# TASK PROMPT
Say how many of the lines below include the word "Commit", and write nothing else.
* * * * *
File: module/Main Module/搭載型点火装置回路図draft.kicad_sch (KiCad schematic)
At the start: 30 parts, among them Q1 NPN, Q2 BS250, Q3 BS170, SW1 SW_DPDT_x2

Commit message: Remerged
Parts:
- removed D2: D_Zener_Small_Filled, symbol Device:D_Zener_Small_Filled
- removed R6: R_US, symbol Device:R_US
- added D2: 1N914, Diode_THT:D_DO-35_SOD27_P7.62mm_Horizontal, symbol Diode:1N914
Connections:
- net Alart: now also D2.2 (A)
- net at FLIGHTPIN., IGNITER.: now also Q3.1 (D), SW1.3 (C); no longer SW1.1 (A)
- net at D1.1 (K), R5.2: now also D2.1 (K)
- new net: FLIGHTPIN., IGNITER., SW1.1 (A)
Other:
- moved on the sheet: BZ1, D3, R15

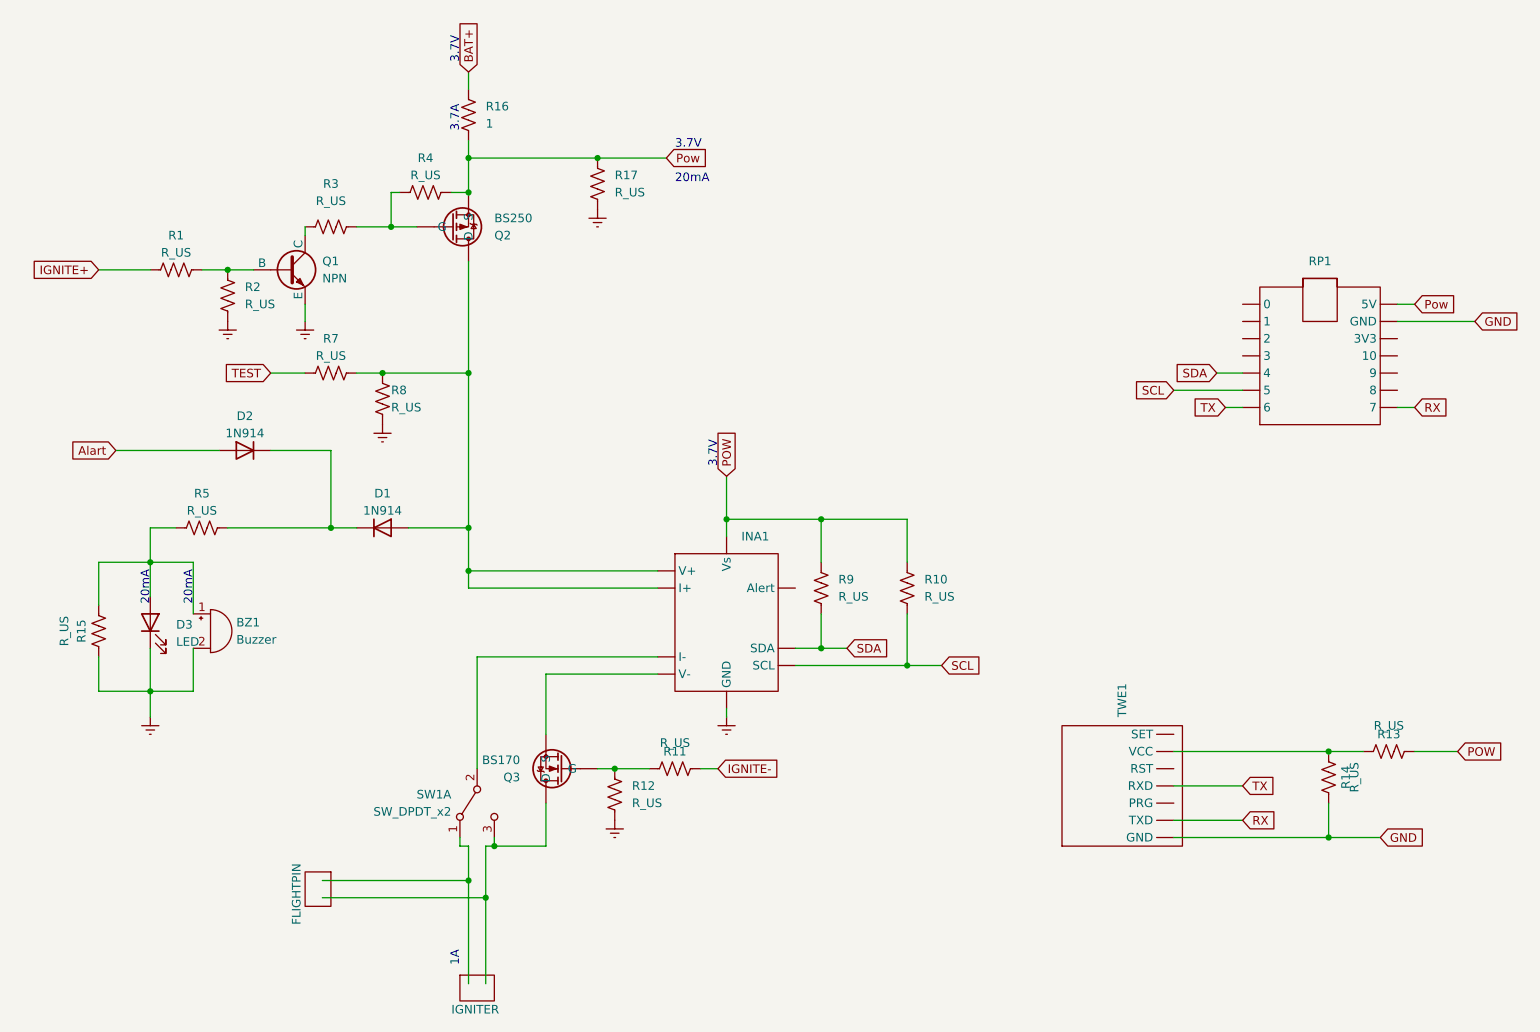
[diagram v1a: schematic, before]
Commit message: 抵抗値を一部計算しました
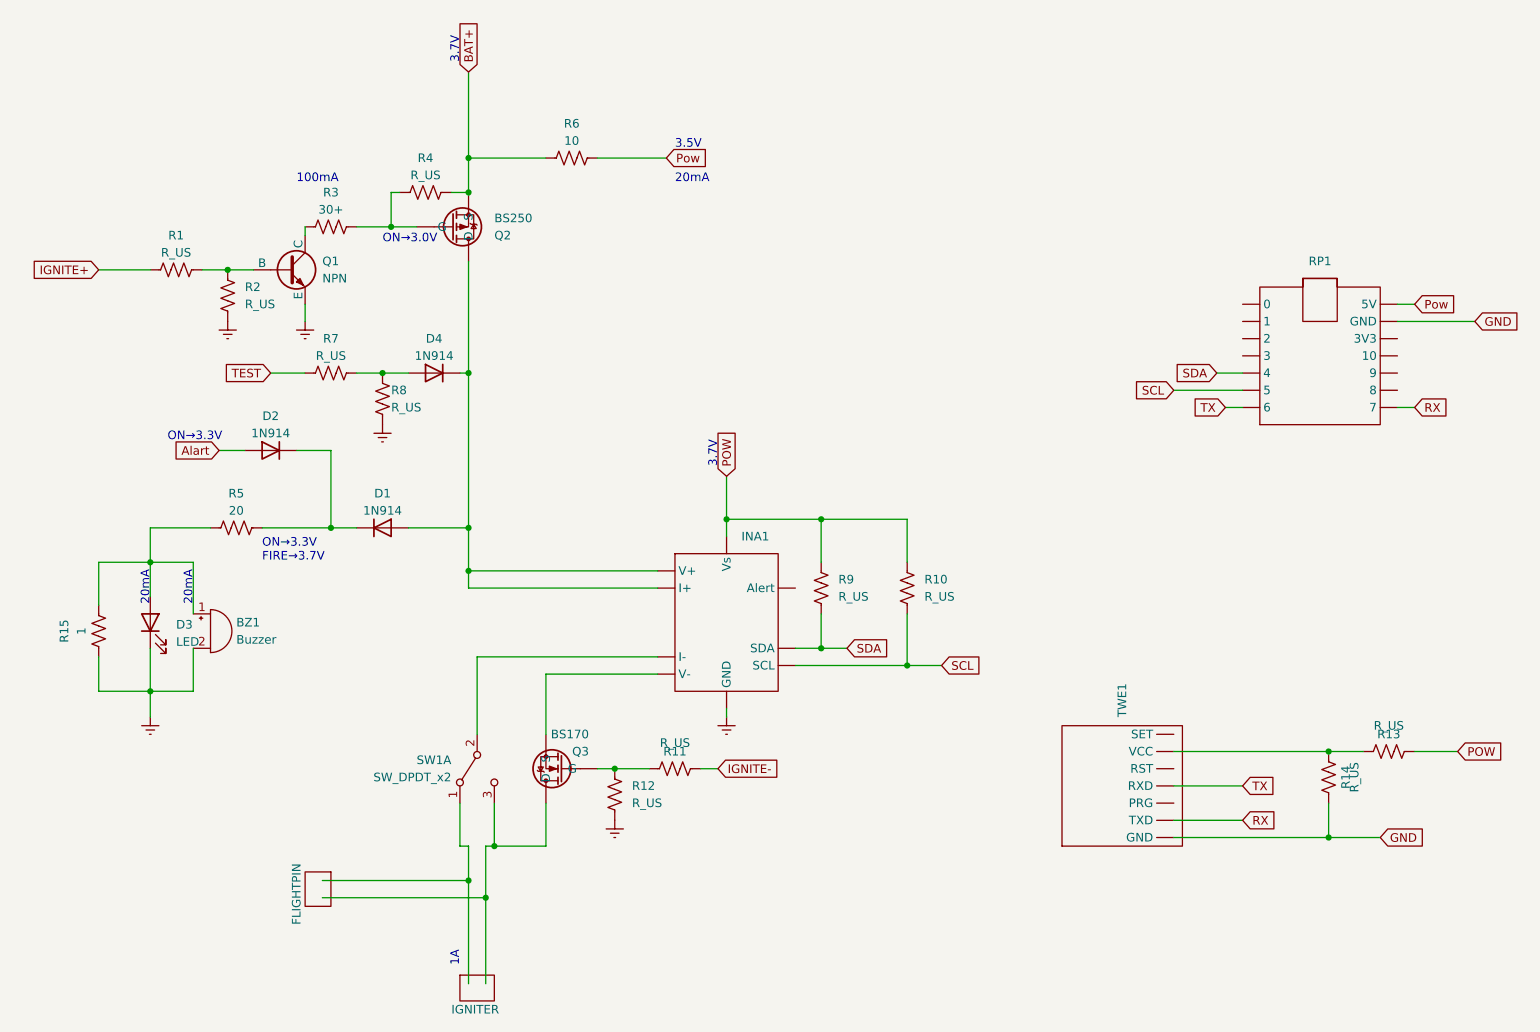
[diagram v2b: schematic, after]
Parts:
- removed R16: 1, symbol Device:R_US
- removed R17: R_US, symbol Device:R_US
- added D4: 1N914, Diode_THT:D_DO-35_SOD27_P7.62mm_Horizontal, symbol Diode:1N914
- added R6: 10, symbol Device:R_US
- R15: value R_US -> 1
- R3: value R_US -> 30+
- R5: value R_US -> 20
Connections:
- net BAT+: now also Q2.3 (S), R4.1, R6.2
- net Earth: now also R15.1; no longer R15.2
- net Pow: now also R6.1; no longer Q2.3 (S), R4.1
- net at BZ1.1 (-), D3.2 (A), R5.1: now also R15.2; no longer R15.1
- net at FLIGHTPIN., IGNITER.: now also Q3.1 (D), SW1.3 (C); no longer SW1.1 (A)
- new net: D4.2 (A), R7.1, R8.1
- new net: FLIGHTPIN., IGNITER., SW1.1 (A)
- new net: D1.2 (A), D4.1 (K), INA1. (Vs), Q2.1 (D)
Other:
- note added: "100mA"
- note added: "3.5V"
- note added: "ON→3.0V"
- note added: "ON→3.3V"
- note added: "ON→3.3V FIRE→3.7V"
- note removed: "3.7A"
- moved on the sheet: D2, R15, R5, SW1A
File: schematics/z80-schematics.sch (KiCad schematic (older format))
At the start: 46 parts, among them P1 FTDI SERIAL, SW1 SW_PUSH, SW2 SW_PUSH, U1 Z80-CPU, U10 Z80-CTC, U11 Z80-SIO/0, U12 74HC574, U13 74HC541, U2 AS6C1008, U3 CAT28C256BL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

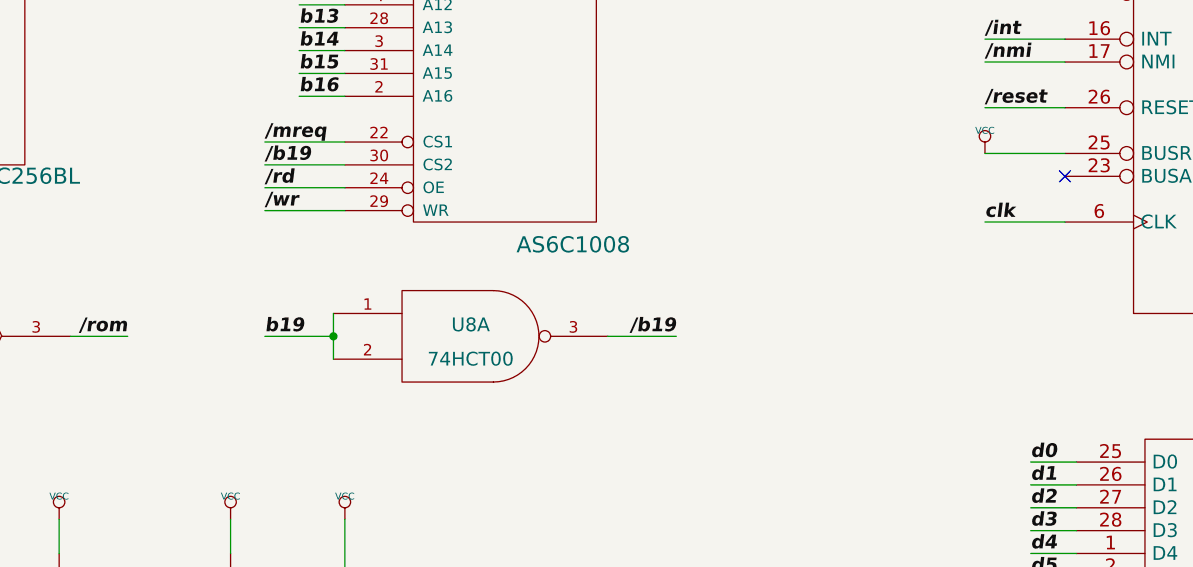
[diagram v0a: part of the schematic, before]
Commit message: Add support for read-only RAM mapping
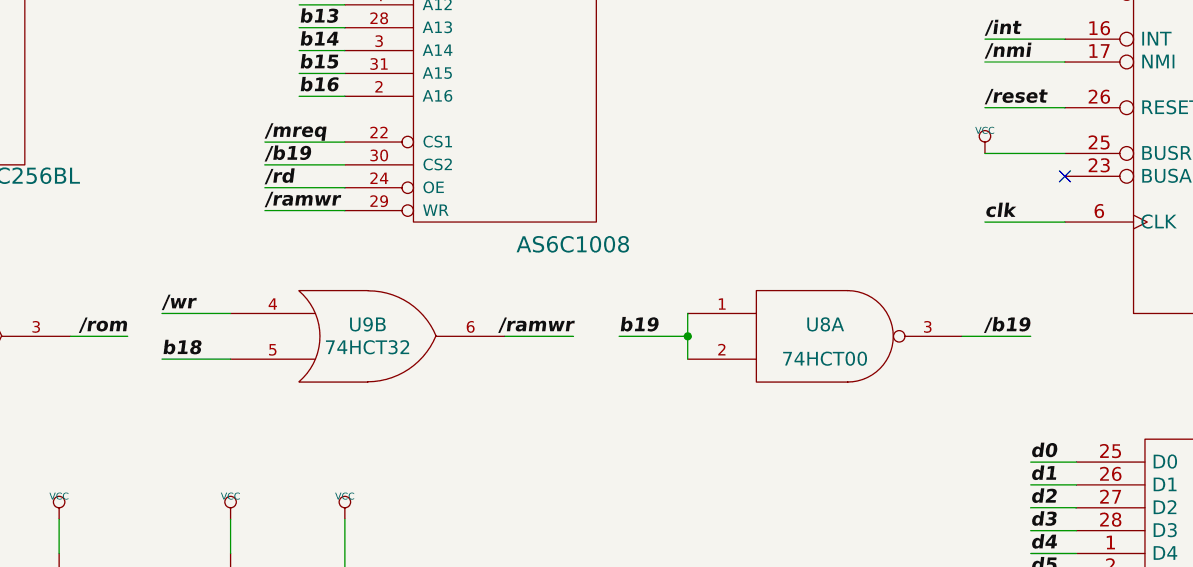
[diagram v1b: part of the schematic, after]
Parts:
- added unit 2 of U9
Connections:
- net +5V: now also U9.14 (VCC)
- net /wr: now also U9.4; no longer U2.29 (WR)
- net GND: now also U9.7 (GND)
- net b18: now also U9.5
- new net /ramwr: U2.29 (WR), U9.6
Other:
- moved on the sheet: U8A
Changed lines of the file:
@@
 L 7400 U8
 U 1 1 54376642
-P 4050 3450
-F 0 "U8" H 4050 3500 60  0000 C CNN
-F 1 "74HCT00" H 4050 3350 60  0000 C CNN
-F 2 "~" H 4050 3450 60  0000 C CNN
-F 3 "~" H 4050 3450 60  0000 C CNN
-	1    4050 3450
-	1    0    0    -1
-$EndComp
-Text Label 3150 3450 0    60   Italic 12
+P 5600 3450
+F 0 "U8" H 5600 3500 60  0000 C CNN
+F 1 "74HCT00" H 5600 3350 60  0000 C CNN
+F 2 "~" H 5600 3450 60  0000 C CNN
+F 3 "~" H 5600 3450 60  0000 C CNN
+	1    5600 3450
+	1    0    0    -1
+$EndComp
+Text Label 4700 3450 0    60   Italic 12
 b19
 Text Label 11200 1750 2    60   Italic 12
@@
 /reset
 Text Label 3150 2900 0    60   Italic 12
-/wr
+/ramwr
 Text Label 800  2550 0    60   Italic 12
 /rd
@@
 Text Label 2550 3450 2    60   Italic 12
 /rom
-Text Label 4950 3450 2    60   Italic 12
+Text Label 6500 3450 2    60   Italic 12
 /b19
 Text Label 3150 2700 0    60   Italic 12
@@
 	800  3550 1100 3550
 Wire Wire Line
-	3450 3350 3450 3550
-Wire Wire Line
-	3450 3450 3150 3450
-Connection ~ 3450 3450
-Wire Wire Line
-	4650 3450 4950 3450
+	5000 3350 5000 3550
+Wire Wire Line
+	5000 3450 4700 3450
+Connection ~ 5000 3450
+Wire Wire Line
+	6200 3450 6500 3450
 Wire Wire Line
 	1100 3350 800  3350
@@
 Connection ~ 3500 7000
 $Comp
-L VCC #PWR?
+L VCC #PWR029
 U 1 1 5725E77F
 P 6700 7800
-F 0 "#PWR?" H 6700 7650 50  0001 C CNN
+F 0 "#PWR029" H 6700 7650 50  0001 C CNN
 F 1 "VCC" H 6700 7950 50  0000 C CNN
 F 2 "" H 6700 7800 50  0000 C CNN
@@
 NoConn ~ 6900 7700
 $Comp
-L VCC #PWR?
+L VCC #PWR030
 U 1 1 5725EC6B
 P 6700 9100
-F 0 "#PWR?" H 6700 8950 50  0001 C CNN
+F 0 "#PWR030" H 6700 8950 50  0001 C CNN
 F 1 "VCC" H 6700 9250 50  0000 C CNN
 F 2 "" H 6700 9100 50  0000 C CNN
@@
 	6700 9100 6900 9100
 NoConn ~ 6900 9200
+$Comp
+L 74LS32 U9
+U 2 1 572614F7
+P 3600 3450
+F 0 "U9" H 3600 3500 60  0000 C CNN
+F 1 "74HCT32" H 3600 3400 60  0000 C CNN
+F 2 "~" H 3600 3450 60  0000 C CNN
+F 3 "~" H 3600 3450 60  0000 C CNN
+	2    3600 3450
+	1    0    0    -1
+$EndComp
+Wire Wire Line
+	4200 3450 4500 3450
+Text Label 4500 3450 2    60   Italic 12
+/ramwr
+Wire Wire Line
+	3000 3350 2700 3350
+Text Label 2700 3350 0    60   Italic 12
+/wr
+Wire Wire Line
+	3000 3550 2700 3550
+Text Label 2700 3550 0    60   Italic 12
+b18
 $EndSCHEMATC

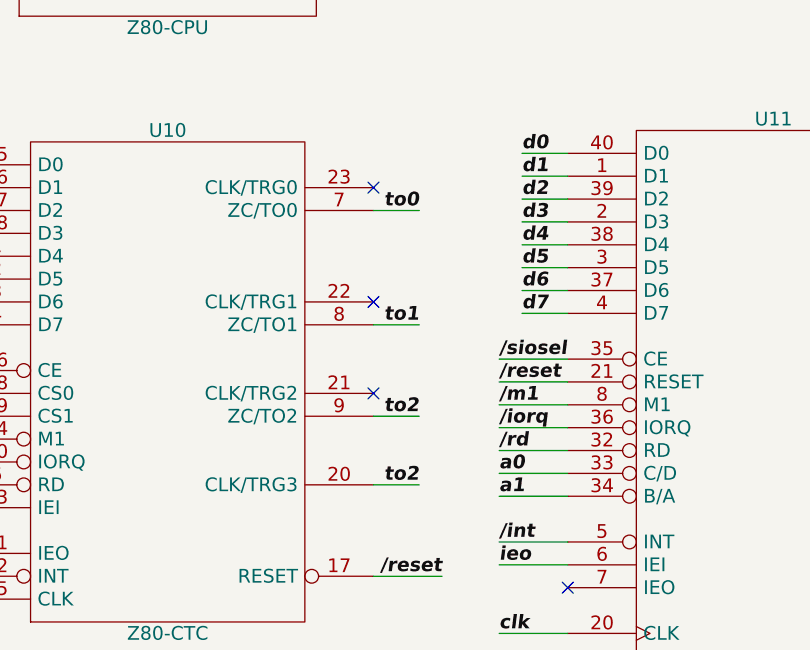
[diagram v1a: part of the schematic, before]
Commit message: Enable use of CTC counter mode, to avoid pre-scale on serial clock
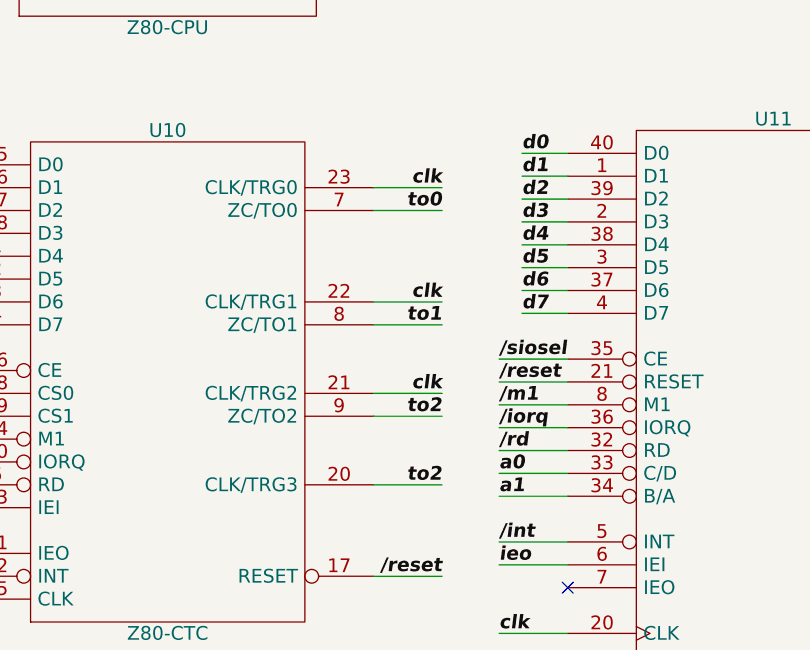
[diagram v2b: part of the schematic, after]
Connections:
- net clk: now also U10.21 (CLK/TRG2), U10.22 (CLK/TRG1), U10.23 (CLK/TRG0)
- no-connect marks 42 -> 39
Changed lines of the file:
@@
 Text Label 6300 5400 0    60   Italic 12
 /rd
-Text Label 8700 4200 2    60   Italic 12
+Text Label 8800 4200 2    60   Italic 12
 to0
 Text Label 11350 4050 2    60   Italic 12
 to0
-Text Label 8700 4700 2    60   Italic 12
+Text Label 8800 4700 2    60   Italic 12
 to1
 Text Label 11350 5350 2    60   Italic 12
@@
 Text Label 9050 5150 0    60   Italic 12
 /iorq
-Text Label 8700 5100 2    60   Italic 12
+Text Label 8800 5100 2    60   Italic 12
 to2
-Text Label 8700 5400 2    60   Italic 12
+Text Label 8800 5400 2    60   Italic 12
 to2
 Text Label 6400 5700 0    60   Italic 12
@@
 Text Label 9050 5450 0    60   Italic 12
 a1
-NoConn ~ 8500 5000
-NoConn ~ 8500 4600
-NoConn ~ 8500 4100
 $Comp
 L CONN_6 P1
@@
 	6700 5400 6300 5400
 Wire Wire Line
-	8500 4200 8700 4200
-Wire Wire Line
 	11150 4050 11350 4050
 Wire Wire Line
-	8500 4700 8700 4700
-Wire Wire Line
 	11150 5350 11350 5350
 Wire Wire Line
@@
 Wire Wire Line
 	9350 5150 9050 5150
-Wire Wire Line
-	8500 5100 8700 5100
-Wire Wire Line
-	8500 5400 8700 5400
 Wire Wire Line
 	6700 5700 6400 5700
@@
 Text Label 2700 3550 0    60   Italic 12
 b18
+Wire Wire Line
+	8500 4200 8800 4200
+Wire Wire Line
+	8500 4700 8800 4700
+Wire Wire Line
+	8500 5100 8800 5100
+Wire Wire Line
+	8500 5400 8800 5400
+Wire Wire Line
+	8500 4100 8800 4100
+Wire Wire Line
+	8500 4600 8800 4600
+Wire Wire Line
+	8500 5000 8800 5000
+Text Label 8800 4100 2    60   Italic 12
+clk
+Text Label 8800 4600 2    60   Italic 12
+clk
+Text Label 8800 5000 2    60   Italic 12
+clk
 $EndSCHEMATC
* * * * *
# EXERCISE RESPONSE
4